[Material provided — start]
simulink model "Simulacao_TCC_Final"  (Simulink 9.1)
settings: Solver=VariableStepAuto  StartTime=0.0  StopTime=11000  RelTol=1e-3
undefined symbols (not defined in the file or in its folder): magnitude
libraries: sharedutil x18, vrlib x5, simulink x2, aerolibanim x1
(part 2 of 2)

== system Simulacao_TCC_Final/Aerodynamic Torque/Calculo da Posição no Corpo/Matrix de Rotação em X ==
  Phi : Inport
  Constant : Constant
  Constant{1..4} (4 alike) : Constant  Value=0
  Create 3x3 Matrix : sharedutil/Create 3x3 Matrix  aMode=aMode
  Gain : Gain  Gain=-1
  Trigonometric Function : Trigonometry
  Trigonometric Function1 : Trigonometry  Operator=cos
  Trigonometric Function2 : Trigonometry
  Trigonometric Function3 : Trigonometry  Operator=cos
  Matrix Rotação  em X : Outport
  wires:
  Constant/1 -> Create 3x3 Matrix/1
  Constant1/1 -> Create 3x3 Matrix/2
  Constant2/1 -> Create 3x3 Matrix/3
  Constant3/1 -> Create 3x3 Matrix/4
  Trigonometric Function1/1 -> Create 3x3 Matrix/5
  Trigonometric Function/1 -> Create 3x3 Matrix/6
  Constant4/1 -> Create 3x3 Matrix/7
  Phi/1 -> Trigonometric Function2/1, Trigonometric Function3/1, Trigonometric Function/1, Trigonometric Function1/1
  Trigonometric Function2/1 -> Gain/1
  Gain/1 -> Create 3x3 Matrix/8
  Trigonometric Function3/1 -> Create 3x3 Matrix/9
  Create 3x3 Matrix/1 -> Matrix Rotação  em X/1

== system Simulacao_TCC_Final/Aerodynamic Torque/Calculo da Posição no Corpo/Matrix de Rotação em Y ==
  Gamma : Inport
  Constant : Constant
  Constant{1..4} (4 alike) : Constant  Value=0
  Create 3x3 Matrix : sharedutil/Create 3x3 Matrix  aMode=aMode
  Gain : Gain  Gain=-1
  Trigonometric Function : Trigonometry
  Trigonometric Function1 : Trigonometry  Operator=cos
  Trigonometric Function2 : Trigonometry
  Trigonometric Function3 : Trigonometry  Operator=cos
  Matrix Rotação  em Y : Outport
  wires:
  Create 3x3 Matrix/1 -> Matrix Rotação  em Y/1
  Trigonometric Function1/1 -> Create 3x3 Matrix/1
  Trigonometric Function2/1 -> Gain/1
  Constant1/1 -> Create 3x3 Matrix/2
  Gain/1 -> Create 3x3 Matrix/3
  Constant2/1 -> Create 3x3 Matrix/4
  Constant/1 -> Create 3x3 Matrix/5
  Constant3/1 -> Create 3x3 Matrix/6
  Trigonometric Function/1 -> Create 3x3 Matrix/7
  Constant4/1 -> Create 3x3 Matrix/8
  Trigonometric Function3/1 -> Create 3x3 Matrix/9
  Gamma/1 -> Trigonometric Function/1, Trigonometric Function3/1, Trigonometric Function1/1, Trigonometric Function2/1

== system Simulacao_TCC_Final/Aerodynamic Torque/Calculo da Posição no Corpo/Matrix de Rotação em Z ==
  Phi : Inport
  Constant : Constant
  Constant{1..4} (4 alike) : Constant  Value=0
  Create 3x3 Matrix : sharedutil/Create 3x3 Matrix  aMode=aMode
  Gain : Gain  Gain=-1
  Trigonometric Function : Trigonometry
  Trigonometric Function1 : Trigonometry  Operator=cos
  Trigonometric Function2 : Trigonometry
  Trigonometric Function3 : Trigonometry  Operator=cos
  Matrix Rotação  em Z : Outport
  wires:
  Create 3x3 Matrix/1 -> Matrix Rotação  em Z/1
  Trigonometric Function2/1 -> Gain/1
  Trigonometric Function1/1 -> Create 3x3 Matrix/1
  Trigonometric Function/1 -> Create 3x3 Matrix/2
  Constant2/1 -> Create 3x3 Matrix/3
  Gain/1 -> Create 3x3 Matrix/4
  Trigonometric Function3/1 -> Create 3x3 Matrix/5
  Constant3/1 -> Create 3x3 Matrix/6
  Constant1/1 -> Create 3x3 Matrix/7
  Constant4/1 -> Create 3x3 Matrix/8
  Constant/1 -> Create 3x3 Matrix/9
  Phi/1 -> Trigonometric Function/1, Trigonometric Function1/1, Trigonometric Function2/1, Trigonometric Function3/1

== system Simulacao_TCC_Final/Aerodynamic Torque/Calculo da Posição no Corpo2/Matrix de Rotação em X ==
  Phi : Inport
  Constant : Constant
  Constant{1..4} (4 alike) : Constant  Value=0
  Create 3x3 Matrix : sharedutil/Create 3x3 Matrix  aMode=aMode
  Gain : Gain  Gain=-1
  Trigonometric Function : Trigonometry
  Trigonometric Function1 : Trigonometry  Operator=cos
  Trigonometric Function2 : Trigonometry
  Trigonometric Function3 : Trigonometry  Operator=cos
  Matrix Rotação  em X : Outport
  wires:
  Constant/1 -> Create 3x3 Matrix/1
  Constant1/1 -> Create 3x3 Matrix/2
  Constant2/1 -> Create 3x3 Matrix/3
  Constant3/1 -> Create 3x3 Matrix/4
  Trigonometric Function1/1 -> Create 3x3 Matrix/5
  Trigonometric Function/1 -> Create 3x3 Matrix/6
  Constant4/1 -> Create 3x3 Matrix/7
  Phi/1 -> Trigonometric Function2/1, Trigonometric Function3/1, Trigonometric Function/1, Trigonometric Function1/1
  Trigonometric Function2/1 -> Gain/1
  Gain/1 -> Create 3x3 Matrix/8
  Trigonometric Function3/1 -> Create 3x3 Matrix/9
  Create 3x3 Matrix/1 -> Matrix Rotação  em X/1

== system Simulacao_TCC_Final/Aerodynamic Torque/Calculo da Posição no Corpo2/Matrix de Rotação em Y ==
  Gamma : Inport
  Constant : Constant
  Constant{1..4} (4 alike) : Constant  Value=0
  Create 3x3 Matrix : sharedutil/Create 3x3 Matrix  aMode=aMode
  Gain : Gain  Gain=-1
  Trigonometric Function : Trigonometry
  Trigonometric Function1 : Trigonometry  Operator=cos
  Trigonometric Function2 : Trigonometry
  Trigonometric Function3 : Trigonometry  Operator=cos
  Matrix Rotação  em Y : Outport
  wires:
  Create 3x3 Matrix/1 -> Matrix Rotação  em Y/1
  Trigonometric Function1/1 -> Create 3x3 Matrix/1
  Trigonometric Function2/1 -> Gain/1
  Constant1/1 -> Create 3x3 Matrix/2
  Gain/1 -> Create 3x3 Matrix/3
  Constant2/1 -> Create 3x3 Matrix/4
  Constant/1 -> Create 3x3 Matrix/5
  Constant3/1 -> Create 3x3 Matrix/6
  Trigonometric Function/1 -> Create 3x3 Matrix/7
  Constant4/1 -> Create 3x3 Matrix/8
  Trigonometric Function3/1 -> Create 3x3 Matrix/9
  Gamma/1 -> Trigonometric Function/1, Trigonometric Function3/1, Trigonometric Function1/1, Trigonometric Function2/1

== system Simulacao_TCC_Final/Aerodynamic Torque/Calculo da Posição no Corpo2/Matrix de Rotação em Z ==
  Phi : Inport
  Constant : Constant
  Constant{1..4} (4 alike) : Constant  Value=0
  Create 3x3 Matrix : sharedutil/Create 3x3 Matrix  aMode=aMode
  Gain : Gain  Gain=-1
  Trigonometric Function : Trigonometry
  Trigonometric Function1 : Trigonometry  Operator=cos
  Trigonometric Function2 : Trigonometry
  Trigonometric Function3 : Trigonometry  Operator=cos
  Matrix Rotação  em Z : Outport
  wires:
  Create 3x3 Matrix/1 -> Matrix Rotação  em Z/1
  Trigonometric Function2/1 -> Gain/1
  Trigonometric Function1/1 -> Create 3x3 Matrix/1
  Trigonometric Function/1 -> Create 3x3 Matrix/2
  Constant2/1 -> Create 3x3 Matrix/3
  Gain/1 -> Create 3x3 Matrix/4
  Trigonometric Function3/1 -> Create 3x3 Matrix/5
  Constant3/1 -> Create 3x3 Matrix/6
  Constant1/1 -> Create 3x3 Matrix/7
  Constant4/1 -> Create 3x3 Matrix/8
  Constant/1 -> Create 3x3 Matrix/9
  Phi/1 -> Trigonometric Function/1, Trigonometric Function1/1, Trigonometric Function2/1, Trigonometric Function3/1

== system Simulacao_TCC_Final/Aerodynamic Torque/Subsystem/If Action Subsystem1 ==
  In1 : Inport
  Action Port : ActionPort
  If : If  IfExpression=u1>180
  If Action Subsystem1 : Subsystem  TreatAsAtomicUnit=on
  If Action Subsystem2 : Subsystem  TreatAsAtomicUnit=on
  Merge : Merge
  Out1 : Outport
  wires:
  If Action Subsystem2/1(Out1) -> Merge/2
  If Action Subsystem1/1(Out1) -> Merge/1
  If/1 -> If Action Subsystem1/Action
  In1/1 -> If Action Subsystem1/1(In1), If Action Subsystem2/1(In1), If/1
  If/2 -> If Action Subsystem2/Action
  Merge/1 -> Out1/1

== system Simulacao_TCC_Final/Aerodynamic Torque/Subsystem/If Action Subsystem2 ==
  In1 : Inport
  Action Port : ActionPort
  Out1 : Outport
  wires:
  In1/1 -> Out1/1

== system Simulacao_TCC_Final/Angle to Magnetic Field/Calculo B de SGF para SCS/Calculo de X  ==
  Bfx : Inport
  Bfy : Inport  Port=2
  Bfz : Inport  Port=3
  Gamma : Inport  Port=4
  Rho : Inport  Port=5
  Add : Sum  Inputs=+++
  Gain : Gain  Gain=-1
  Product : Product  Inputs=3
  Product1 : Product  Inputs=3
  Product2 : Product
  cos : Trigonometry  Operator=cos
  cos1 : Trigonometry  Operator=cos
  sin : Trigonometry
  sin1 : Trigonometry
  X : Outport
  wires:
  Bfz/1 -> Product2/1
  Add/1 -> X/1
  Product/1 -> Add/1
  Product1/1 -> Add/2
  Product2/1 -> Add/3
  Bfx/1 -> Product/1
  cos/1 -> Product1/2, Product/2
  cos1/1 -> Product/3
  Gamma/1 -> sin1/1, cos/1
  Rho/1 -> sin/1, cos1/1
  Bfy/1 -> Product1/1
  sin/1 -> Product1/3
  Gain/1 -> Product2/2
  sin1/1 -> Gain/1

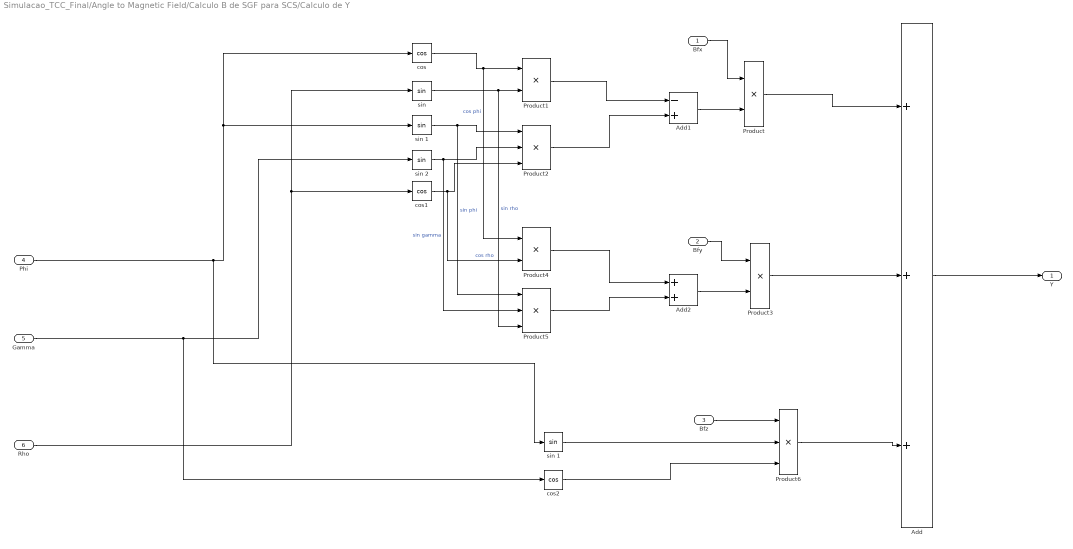
== system Simulacao_TCC_Final/Angle to Magnetic Field/Calculo B de SGF para SCS/Calculo de Y ==
  Bfx : Inport
  Bfy : Inport  Port=2
  Bfz : Inport  Port=3
  Phi : Inport  Port=4
  Gamma : Inport  Port=5
  Rho : Inport  Port=6
  Add : Sum  Inputs=+++
  Add1 : Sum  Inputs=-+
  Add2 : Sum
  Product{,1,3..4} (4 alike) : Product
  Product2 : Product  Inputs=3
  Product5 : Product  Inputs=3
  Product6 : Product  Inputs=3
  cos : Trigonometry  Operator=cos
  cos1 : Trigonometry  Operator=cos
  cos2 : Trigonometry  Operator=cos
  "sin " : Trigonometry
  sin 1 : Trigonometry
  "sin 1 " : Trigonometry
  sin 2 : Trigonometry
  Y : Outport
  wires:
  Bfz/1 -> Product6/1
  Add/1 -> Y/1
  Product/1 -> Add/1
  Add1/1 -> Product/2
  Bfx/1 -> Product/1
  Product1/1 -> Add1/1
  cos/1 -> Product4/1, Product1/1  "cos phi"
  "sin "/1 -> Product5/3, Product1/2  "sin rho"
  Phi/1 -> sin 1/1, "sin 1 "/1, cos/1
  Rho/1 -> cos1/1, "sin "/1
  Product2/1 -> Add1/2
  "sin 1 "/1 -> Product5/1, Product2/1  "sin phi"
  sin 2/1 -> Product5/2, Product2/2  "sin gamma"
  cos1/1 -> Product4/2, Product2/3  "cos rho"
  Gamma/1 -> cos2/1, sin 2/1
  Product3/1 -> Add/2
  Add2/1 -> Product3/2
  Bfy/1 -> Product3/1
  Product4/1 -> Add2/1
  Product5/1 -> Add2/2
  Product6/1 -> Add/3
  sin 1/1 -> Product6/2
  cos2/1 -> Product6/3

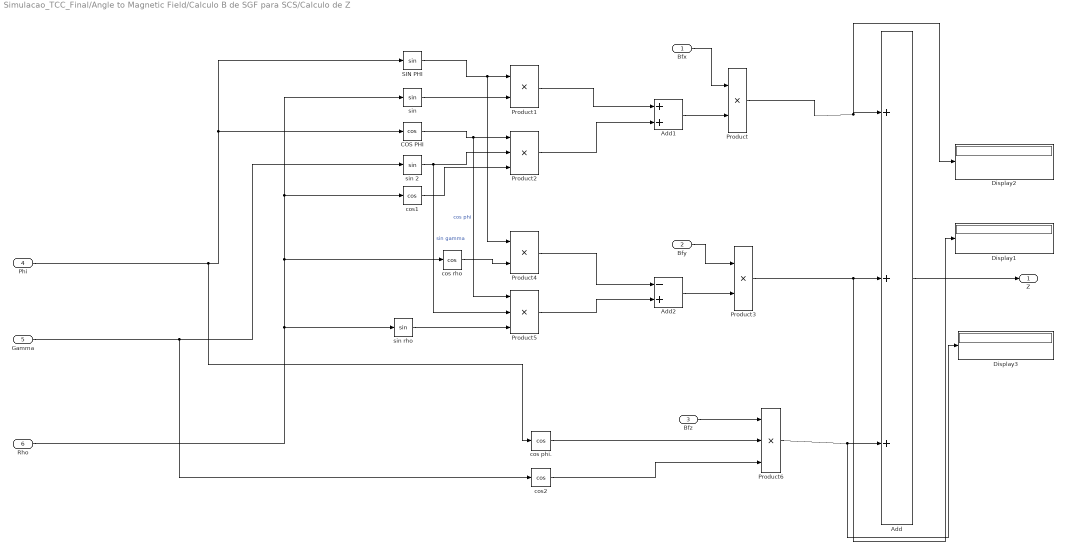
== system Simulacao_TCC_Final/Angle to Magnetic Field/Calculo B de SGF para SCS/Calculo de Z ==
  Bfx : Inport
  Bfy : Inport  Port=2
  Bfz : Inport  Port=3
  Phi : Inport  Port=4
  Gamma : Inport  Port=5
  Rho : Inport  Port=6
  Add : Sum  Inputs=+++
  Add1 : Sum
  Add2 : Sum  Inputs=-+
  COS PHI : Trigonometry  Operator=cos
  Display1 : Display
  Display2 : Display
  Display3 : Display
  Product{,1,3..4} (4 alike) : Product
  Product2 : Product  Inputs=3
  Product5 : Product  Inputs=3
  Product6 : Product  Inputs=3
  SIN PHI : Trigonometry
  cos phi. : Trigonometry  Operator=cos
  cos rho : Trigonometry  Operator=cos
  cos1 : Trigonometry  Operator=cos
  cos2 : Trigonometry  Operator=cos
  "sin " : Trigonometry
  sin 2 : Trigonometry
  sin rho : Trigonometry
  Z : Outport
  wires:
  Bfz/1 -> Product6/1
  Add/1 -> Z/1
  Product/1 -> Display2/1, Add/1
  Add1/1 -> Product/2
  Bfx/1 -> Product/1
  Product1/1 -> Add1/1
  SIN PHI/1 -> Product4/1, Product1/1
  "sin "/1 -> Product1/2
  Phi/1 -> cos phi./1, COS PHI/1, SIN PHI/1
  Rho/1 -> cos1/1, "sin "/1, cos rho/1, sin rho/1
  Product2/1 -> Add1/2
  COS PHI/1 -> Product5/1, Product2/1  "cos phi"
  sin 2/1 -> Product5/2, Product2/2  "sin gamma"
  cos1/1 -> Product2/3
  Gamma/1 -> cos2/1, sin 2/1
  Product3/1 -> Display1/1, Add/2
  Add2/1 -> Product3/2
  Bfy/1 -> Product3/1
  Product4/1 -> Add2/1
  Product5/1 -> Add2/2
  Product6/1 -> Display3/1, Add/3
  cos phi./1 -> Product6/2
  cos2/1 -> Product6/3
  cos rho/1 -> Product4/2
  sin rho/1 -> Product5/3

== system Simulacao_TCC_Final/Earth's Magnetic Field SGF/Calculo Campo Magnetico LATITUDE/If Action Subsystem ==
  In1 : Inport
  Action Port : ActionPort  ActionType=then
  Out1 : Outport
  wires:
  In1/1 -> Out1/1

== system Simulacao_TCC_Final/Earth's Magnetic Field SGF/Calculo Campo Magnetico LATITUDE/If Action Subsystem1 ==
  In1 : Inport
  Action Port : ActionPort  ActionType=else
  Out1 : Outport
  wires:
  In1/1 -> Out1/1

== system Simulacao_TCC_Final/Earth's Magnetic Field SGF/Sist Esferico - > SMG1/If Action Subsystem ==
  In1 : Inport
  Action Port : ActionPort  ActionType=then
  Out1 : Outport
  wires:
  In1/1 -> Out1/1

== system Simulacao_TCC_Final/Earth's Magnetic Field SGF/Sist Esferico - > SMG1/If Action Subsystem1 ==
  In1 : Inport
  Action Port : ActionPort  ActionType=else
  Out1 : Outport
  wires:
  In1/1 -> Out1/1

== system Simulacao_TCC_Final/Gradient Gravity Torque/Calculo da Posição no Corpo/Matrix de Rotação em X ==
  Phi : Inport
  Constant : Constant
  Constant{1..4} (4 alike) : Constant  Value=0
  Create 3x3 Matrix : sharedutil/Create 3x3 Matrix  aMode=aMode
  Gain : Gain  Gain=-1
  Trigonometric Function : Trigonometry
  Trigonometric Function1 : Trigonometry  Operator=cos
  Trigonometric Function2 : Trigonometry
  Trigonometric Function3 : Trigonometry  Operator=cos
  Matrix Rotação  em X : Outport
  wires:
  Constant/1 -> Create 3x3 Matrix/1
  Constant1/1 -> Create 3x3 Matrix/2
  Constant2/1 -> Create 3x3 Matrix/3
  Constant3/1 -> Create 3x3 Matrix/4
  Trigonometric Function1/1 -> Create 3x3 Matrix/5
  Trigonometric Function/1 -> Create 3x3 Matrix/6
  Constant4/1 -> Create 3x3 Matrix/7
  Phi/1 -> Trigonometric Function2/1, Trigonometric Function3/1, Trigonometric Function/1, Trigonometric Function1/1
  Trigonometric Function2/1 -> Gain/1
  Gain/1 -> Create 3x3 Matrix/8
  Trigonometric Function3/1 -> Create 3x3 Matrix/9
  Create 3x3 Matrix/1 -> Matrix Rotação  em X/1

== system Simulacao_TCC_Final/Gradient Gravity Torque/Calculo da Posição no Corpo/Matrix de Rotação em Y ==
  Gamma : Inport
  Constant : Constant
  Constant{1..4} (4 alike) : Constant  Value=0
  Create 3x3 Matrix : sharedutil/Create 3x3 Matrix  aMode=aMode
  Gain : Gain  Gain=-1
  Trigonometric Function : Trigonometry
  Trigonometric Function1 : Trigonometry  Operator=cos
  Trigonometric Function2 : Trigonometry
  Trigonometric Function3 : Trigonometry  Operator=cos
  Matrix Rotação  em Y : Outport
  wires:
  Create 3x3 Matrix/1 -> Matrix Rotação  em Y/1
  Trigonometric Function1/1 -> Create 3x3 Matrix/1
  Trigonometric Function2/1 -> Gain/1
  Constant1/1 -> Create 3x3 Matrix/2
  Gain/1 -> Create 3x3 Matrix/3
  Constant2/1 -> Create 3x3 Matrix/4
  Constant/1 -> Create 3x3 Matrix/5
  Constant3/1 -> Create 3x3 Matrix/6
  Trigonometric Function/1 -> Create 3x3 Matrix/7
  Constant4/1 -> Create 3x3 Matrix/8
  Trigonometric Function3/1 -> Create 3x3 Matrix/9
  Gamma/1 -> Trigonometric Function/1, Trigonometric Function3/1, Trigonometric Function1/1, Trigonometric Function2/1

== system Simulacao_TCC_Final/Gradient Gravity Torque/Calculo da Posição no Corpo/Matrix de Rotação em Z ==
  Phi : Inport
  Constant : Constant
  Constant{1..4} (4 alike) : Constant  Value=0
  Create 3x3 Matrix : sharedutil/Create 3x3 Matrix  aMode=aMode
  Gain : Gain  Gain=-1
  Trigonometric Function : Trigonometry
  Trigonometric Function1 : Trigonometry  Operator=cos
  Trigonometric Function2 : Trigonometry
  Trigonometric Function3 : Trigonometry  Operator=cos
  Matrix Rotação  em Z : Outport
  wires:
  Create 3x3 Matrix/1 -> Matrix Rotação  em Z/1
  Trigonometric Function2/1 -> Gain/1
  Trigonometric Function1/1 -> Create 3x3 Matrix/1
  Trigonometric Function/1 -> Create 3x3 Matrix/2
  Constant2/1 -> Create 3x3 Matrix/3
  Gain/1 -> Create 3x3 Matrix/4
  Trigonometric Function3/1 -> Create 3x3 Matrix/5
  Constant3/1 -> Create 3x3 Matrix/6
  Constant1/1 -> Create 3x3 Matrix/7
  Constant4/1 -> Create 3x3 Matrix/8
  Constant/1 -> Create 3x3 Matrix/9
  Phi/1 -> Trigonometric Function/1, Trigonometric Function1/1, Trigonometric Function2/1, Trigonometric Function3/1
[Material provided — finish]
• _What this task involves_
Which lines of the entries above contain the string "Sist"? Copy each one.

• _Task output_
== system Simulacao_TCC_Final/Earth's Magnetic Field SGF/Sist Esferico - > SMG1/If Action Subsystem ==
== system Simulacao_TCC_Final/Earth's Magnetic Field SGF/Sist Esferico - > SMG1/If Action Subsystem1 ==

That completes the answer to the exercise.